Performance Benchmarks

Latency & Accuracy

Transcription time and word error rate on a 10-second English speech sample.

Model	Download Size	RAM Usage	Latency (10s clip)	WER (English)	Languages
Moonshine Tiny	27 MB	~80 MB	85 ms	8.5%	English
Moonshine Base	65 MB	~150 MB	150 ms	6.1%	English
Whisper Tiny	120 MB	~200 MB	320 ms	12.8%	90+
Whisper Base	200 MB	~350 MB	580 ms	9.4%	90+
Whisper Small	600 MB	~900 MB	1.4 s	6.5%	90+
Whisper Medium	1.5 GB	~2.2 GB	3.8 s	5.0%	90+
Whisper Large v3 Turbo	1.6 GB	~2.5 GB	3.2 s	4.2%	90+
Parakeet TDT 0.6B	150 MB	~400 MB	Real-time*	5.8%	English

* Parakeet streams partial results as you speak — effective latency is near-zero for partial transcripts, with final output arriving within ~200ms of speech end.

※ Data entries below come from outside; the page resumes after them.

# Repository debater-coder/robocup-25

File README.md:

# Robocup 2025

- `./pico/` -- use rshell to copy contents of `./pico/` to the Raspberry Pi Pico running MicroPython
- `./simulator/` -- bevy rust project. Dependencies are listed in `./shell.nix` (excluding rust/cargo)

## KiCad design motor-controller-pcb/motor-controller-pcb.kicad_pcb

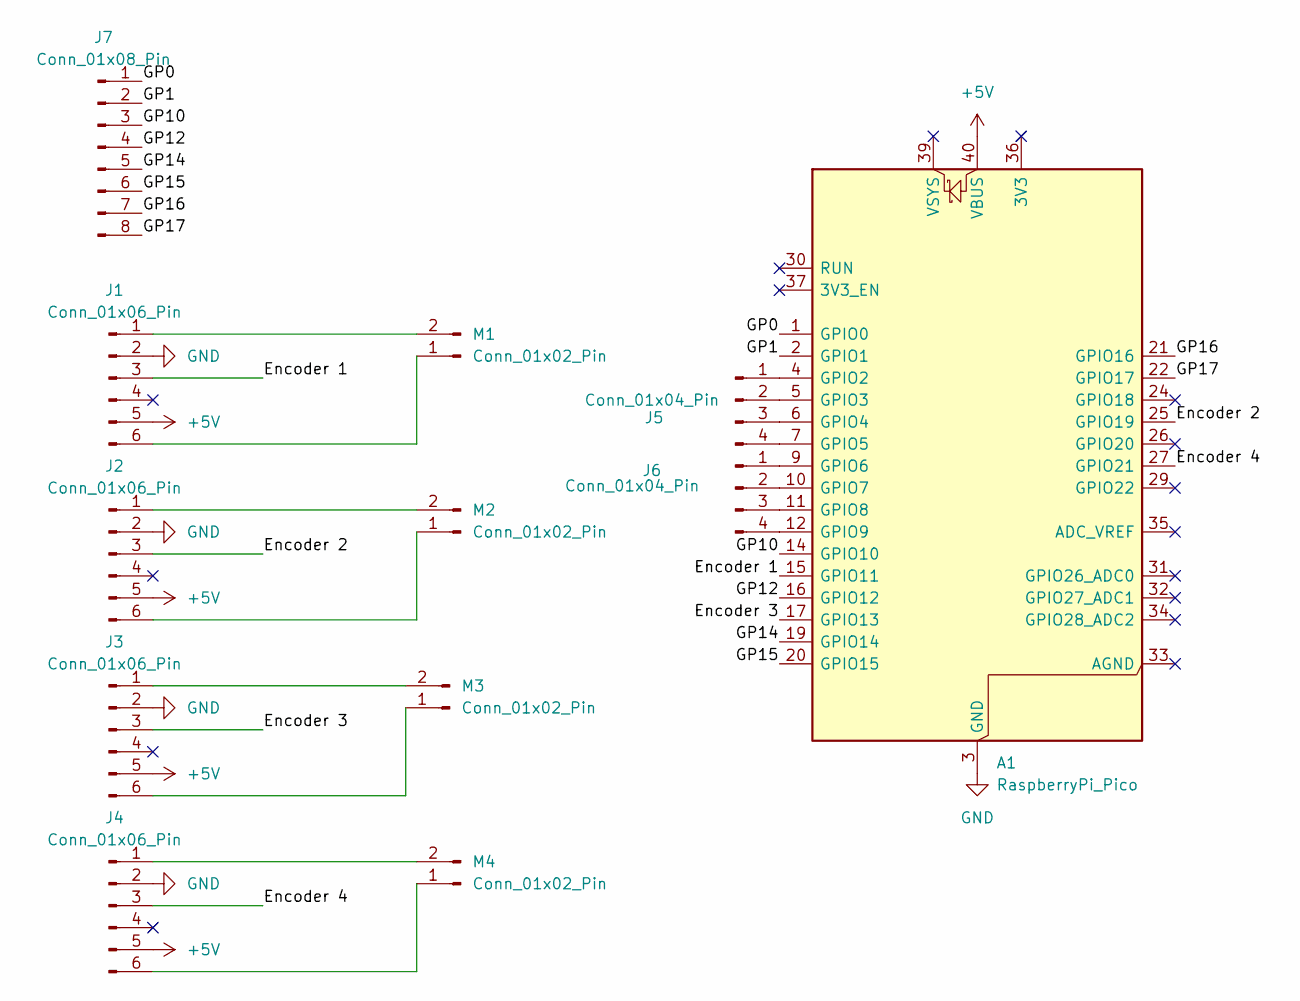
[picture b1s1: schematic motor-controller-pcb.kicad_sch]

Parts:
A1: RaspberryPi_Pico; RaspberryPi_Pico_Common_Unspecified
J1, J2, J3, J4: Conn_01x06_Pin; PinHeader_1x06_P2.54mm_Vertical
J5, J6: Conn_01x04_Pin; PinHeader_1x04_P2.54mm_Vertical
J7: Conn_01x08_Pin; PinHeader_1x08_P2.54mm_Vertical
M1, M2, M3, M4: Conn_01x02_Pin; PinHeader_1x02_P2.54mm_Vertical

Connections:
+5V: A1.40 (VBUS), J1.5, J2.5, J3.5, J4.5
/Encoder 1: A1.15 (GPIO11), J1.3
/Encoder 2: A1.25 (GPIO19), J2.3
/Encoder 3: A1.17 (GPIO13), J3.3
/Encoder 4: A1.27 (GPIO21), J4.3
/GP0: A1.1 (GPIO0), J7.1
/GP1: A1.2 (GPIO1), J7.2
/GP10: A1.14 (GPIO10), J7.3
/GP12: A1.16 (GPIO12), J7.4
/GP14: A1.19 (GPIO14), J7.5
/GP15: A1.20 (GPIO15), J7.6
/GP16: A1.21 (GPIO16), J7.7
/GP17: A1.22 (GPIO17), J7.8
GND: A1.3 (GND), A1.8 (GND), A1.13 (GND), A1.18 (GND), A1.23 (GND), A1.28 (GND), A1.38 (GND), J1.2, J2.2, J3.2, J4.2
unnamed: A1.4 (GPIO2), J5.1
unnamed: A1.5 (GPIO3), J5.2
unnamed: A1.6 (GPIO4), J5.3
unnamed: A1.7 (GPIO5), J5.4
unnamed: A1.9 (GPIO6), J6.1
unnamed: A1.10 (GPIO7), J6.2
unnamed: A1.11 (GPIO8), J6.3
unnamed: A1.12 (GPIO9), J6.4
unnamed: J1.1, M1.2
unnamed: J1.6, M1.1
unnamed: J2.1, M2.2
unnamed: J2.6, M2.1
unnamed: J3.1, M3.2
unnamed: J3.6, M3.1
unnamed: J4.1, M4.2
unnamed: J4.6, M4.1

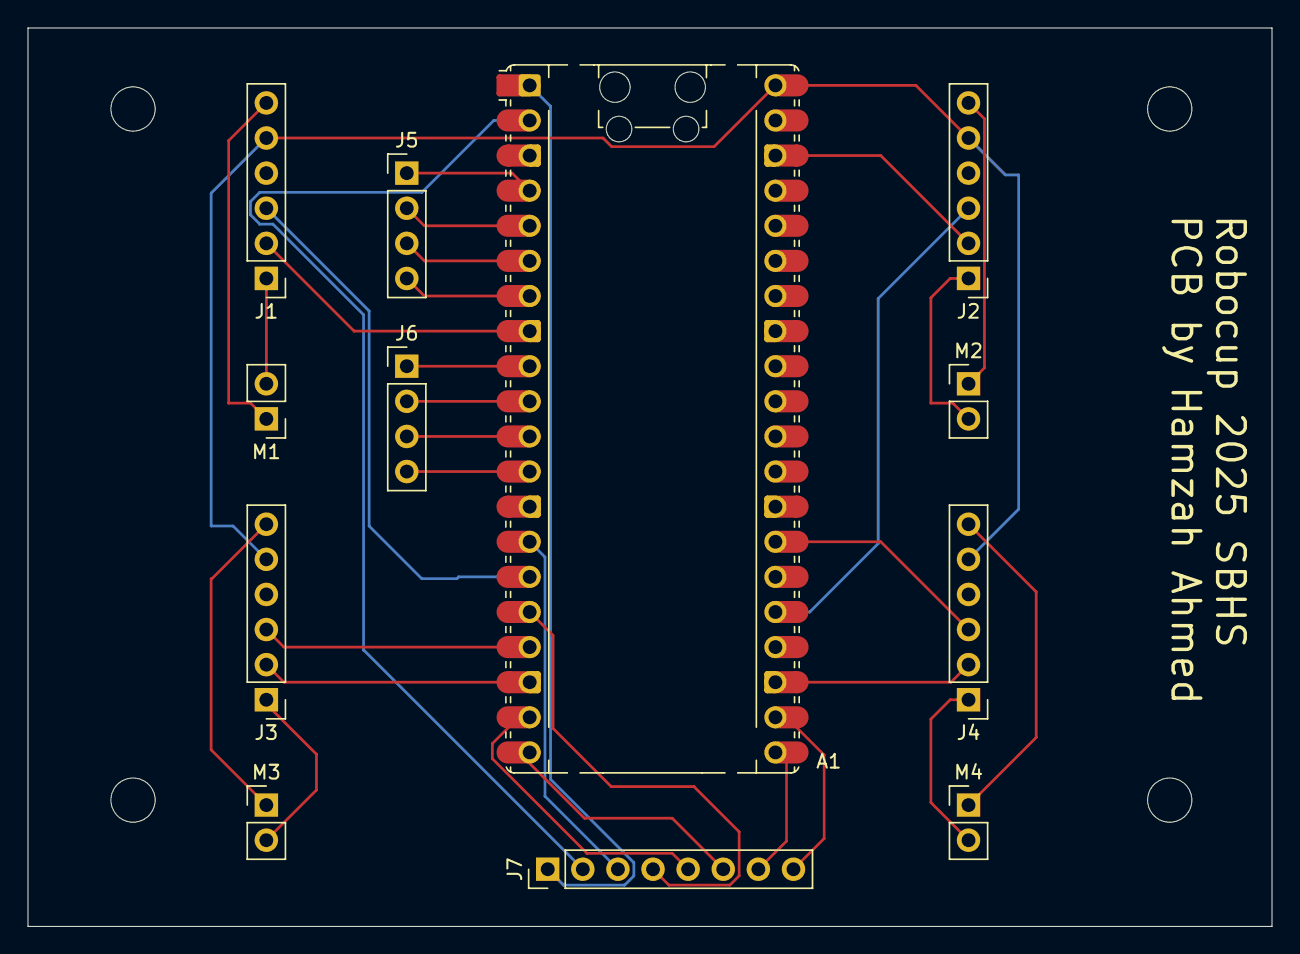
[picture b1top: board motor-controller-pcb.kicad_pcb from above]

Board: 2 copper layers, 90.0 x 65.0 mm, 12 parts (0 on the bottom side), 30 nets.

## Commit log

2024-12-09 good
2024-12-11 update submodules
2024-12-12 start pico again
2025-03-02 simulator stuff
2025-03-12 feat: encoder implementation
2025-03-18 simplify encoder
    Direction measurement was unreliable. Now encoder class doesn't do any
    floating point allocations, and direction is assumed based on motor
    controller polarity.
2025-05-04 Update Robocup_strats.py
    not much
2025-05-04 fix: motor feedback with correctish pins
2025-05-12 remove shell
2025-05-13 fix motors
2025-05-19 working closed loop control
2025-05-20 remove test code
2025-05-20 fix: fix type checking
2025-06-18 encoder distance test
2025-07-03 design pcb
2025-07-04 feat: pcb
2025-07-23 feat: non blocking input on pico
2025-07-23 feat: use command to update kinematics
2025-07-24 fix: correct motor order
2025-07-24 feat: serial output odometry
2025-07-29 fix: calibration constants for odometry
2025-07-29 feat: controller
2025-08-01 feat: initial odometry interface
2025-08-01 feat: serial command and interface
2025-08-03 feat: behaviour trees
2025-08-04 feat: velocity control
2025-08-04 fix: stop motors on termination
    Motors are now stopped on behaviour termination. Additionally, motor
    odometry is initialised in setup() to avoid a large spike in detected
    velocity if odometry starts at something other than (0, 0, 0).
2025-08-05 feat: localisation from odom
2025-08-05 feat: field view
2025-08-05 feat: velocity input
2025-08-11 feat: draw robot
2025-08-12 feat: debug velocity control
2025-08-12 feat: send velocity control
2025-08-13 feat: /pose websocket
2025-08-13 feat: stream pose data over websockets
2025-08-19 feat: motors match pcb
2025-08-19 fix: better p control
2025-08-19 fix: handle serial resetting and dont repeat commands
2025-08-19 fix: correct localisation from naive odom
    - odom naievely adds x, y, w values together without considering frame
    of reference
    - should actually consider pre-existing rotation of robot when adding
    robot's x, y values
    - now correction is done by considering delta as an approximation
    - simulator now has correct origin and displays these from the
2025-08-19 fix: move serial command to different process
    - it tend to hang a little, so moving to another process
    helps to not block the main queue
    - with the non-blocking IO before, writes were overwhelming MCU, this
    allows for MCU to block before sending command again
2025-08-20 fix: proper import
2025-08-20 fix: read after writing
2025-08-20 fix: hack to read a lot after writing
2025-08-20 feat: actually call the funciton
2025-08-20 fix: tune pid
2025-08-21 feat: velocity chart
2025-08-21 feat: serial command instrumentation
2025-08-21 feat: ball detection
2025-08-21 fix: cv libs
2025-08-21 backup old changes
2025-08-24 feat: test motors connect top pi
2025-08-24 feat: move motors off i2c
2025-08-24 feat: pi command
2025-08-25 fix: correct gpio
2025-08-25 feat: basic strategy to go to ball
2025-08-25 feat: smth
2025-08-26 feat: things
2025-08-26 something
2025-09-09 build(deps-dev): bump vite from 7.0.6 to 7.0.7 in /debug-ui
    Bumps [vite](https://github.com/vitejs/vite/tree/HEAD/packages/vite) from 7.0.6 to 7.0.7.
    - [Release notes](https://github.com/vitejs/vite/releases)
    - [Changelog](https://github.com/vitejs/vite/blob/v7.0.7/packages/vite/CHANGELOG.md)
    - [Commits](https://github.com/vitejs/vite/commits/v7.0.7/packages/vite)
    ---
    updated-dependencies:
2025-10-20 build(deps-dev): bump vite from 7.0.6 to 7.0.8 in /debug-ui
    Bumps [vite](https://github.com/vitejs/vite/tree/HEAD/packages/vite) from 7.0.6 to 7.0.8.
    - [Release notes](https://github.com/vitejs/vite/releases)
    - [Changelog](https://github.com/vitejs/vite/blob/v7.0.8/packages/vite/CHANGELOG.md)
    - [Commits](https://github.com/vitejs/vite/commits/v7.0.8/packages/vite)
    ---
    updated-dependencies:
2026-04-06 build(deps-dev): bump vite from 7.0.6 to 7.3.2 in /debug-ui
    Bumps [vite](https://github.com/vitejs/vite/tree/HEAD/packages/vite) from 7.0.6 to 7.3.2.
    - [Release notes](https://github.com/vitejs/vite/releases)
    - [Changelog](https://github.com/vitejs/vite/blob/v7.3.2/packages/vite/CHANGELOG.md)
    - [Commits](https://github.com/vitejs/vite/commits/v7.3.2/packages/vite)
    ---
    updated-dependencies:

Recommended Models by Use Case

Pick the right model for how you work.

Use Case	Recommended Model	Why
Quick voice commands	Moonshine Tiny	Fastest response, minimal resource use. Perfect for short phrases.
Daily English coding	Moonshine Base	Best balance of speed and accuracy for English. Default for a reason.
Live captions / streaming	Parakeet TDT 0.6B	Real-time partial transcripts as you speak. Feels like live captions.
Multilingual projects	Whisper Small	Good accuracy across 90+ languages without heavy resource use.
Long dictation (English)	Moonshine Base	Fast segment processing keeps dictation mode responsive.
Maximum accuracy	Whisper Large v3 Turbo	Lowest word error rate. Worth the wait if accuracy is critical.
Low-spec machines	Moonshine Tiny	27MB download, ~80MB RAM. Runs anywhere.

📐 Methodology

Benchmarks were measured on a mid-range development machine (Apple M2, 16GB RAM) using VoxPilot's built-in ONNX Runtime inference. Results may vary based on your hardware.

Latency: wall-clock time from audio buffer submission to transcript return, averaged over 20 runs on a 10-second speech clip
WER (Word Error Rate): measured on LibriSpeech test-clean subset — lower is better
RAM usage: peak resident memory during inference, measured via process monitoring
Download size: total size of ONNX model files fetched from Hugging Face
All models run via ONNX Runtime (CPU) — no GPU required

💡 Tips

First inference after model load is slower (cold start). Subsequent transcriptions are faster.
Whisper models get significantly faster with GPU acceleration if onnxruntime-gpu is available.
Parakeet's streaming mode means you see words appear as you speak — the "latency" you feel is near-instant.
For most developers coding in English, Moonshine Base is the sweet spot. Start there.
Use the Model Manager panel (sidebar) to download and switch models without restarting.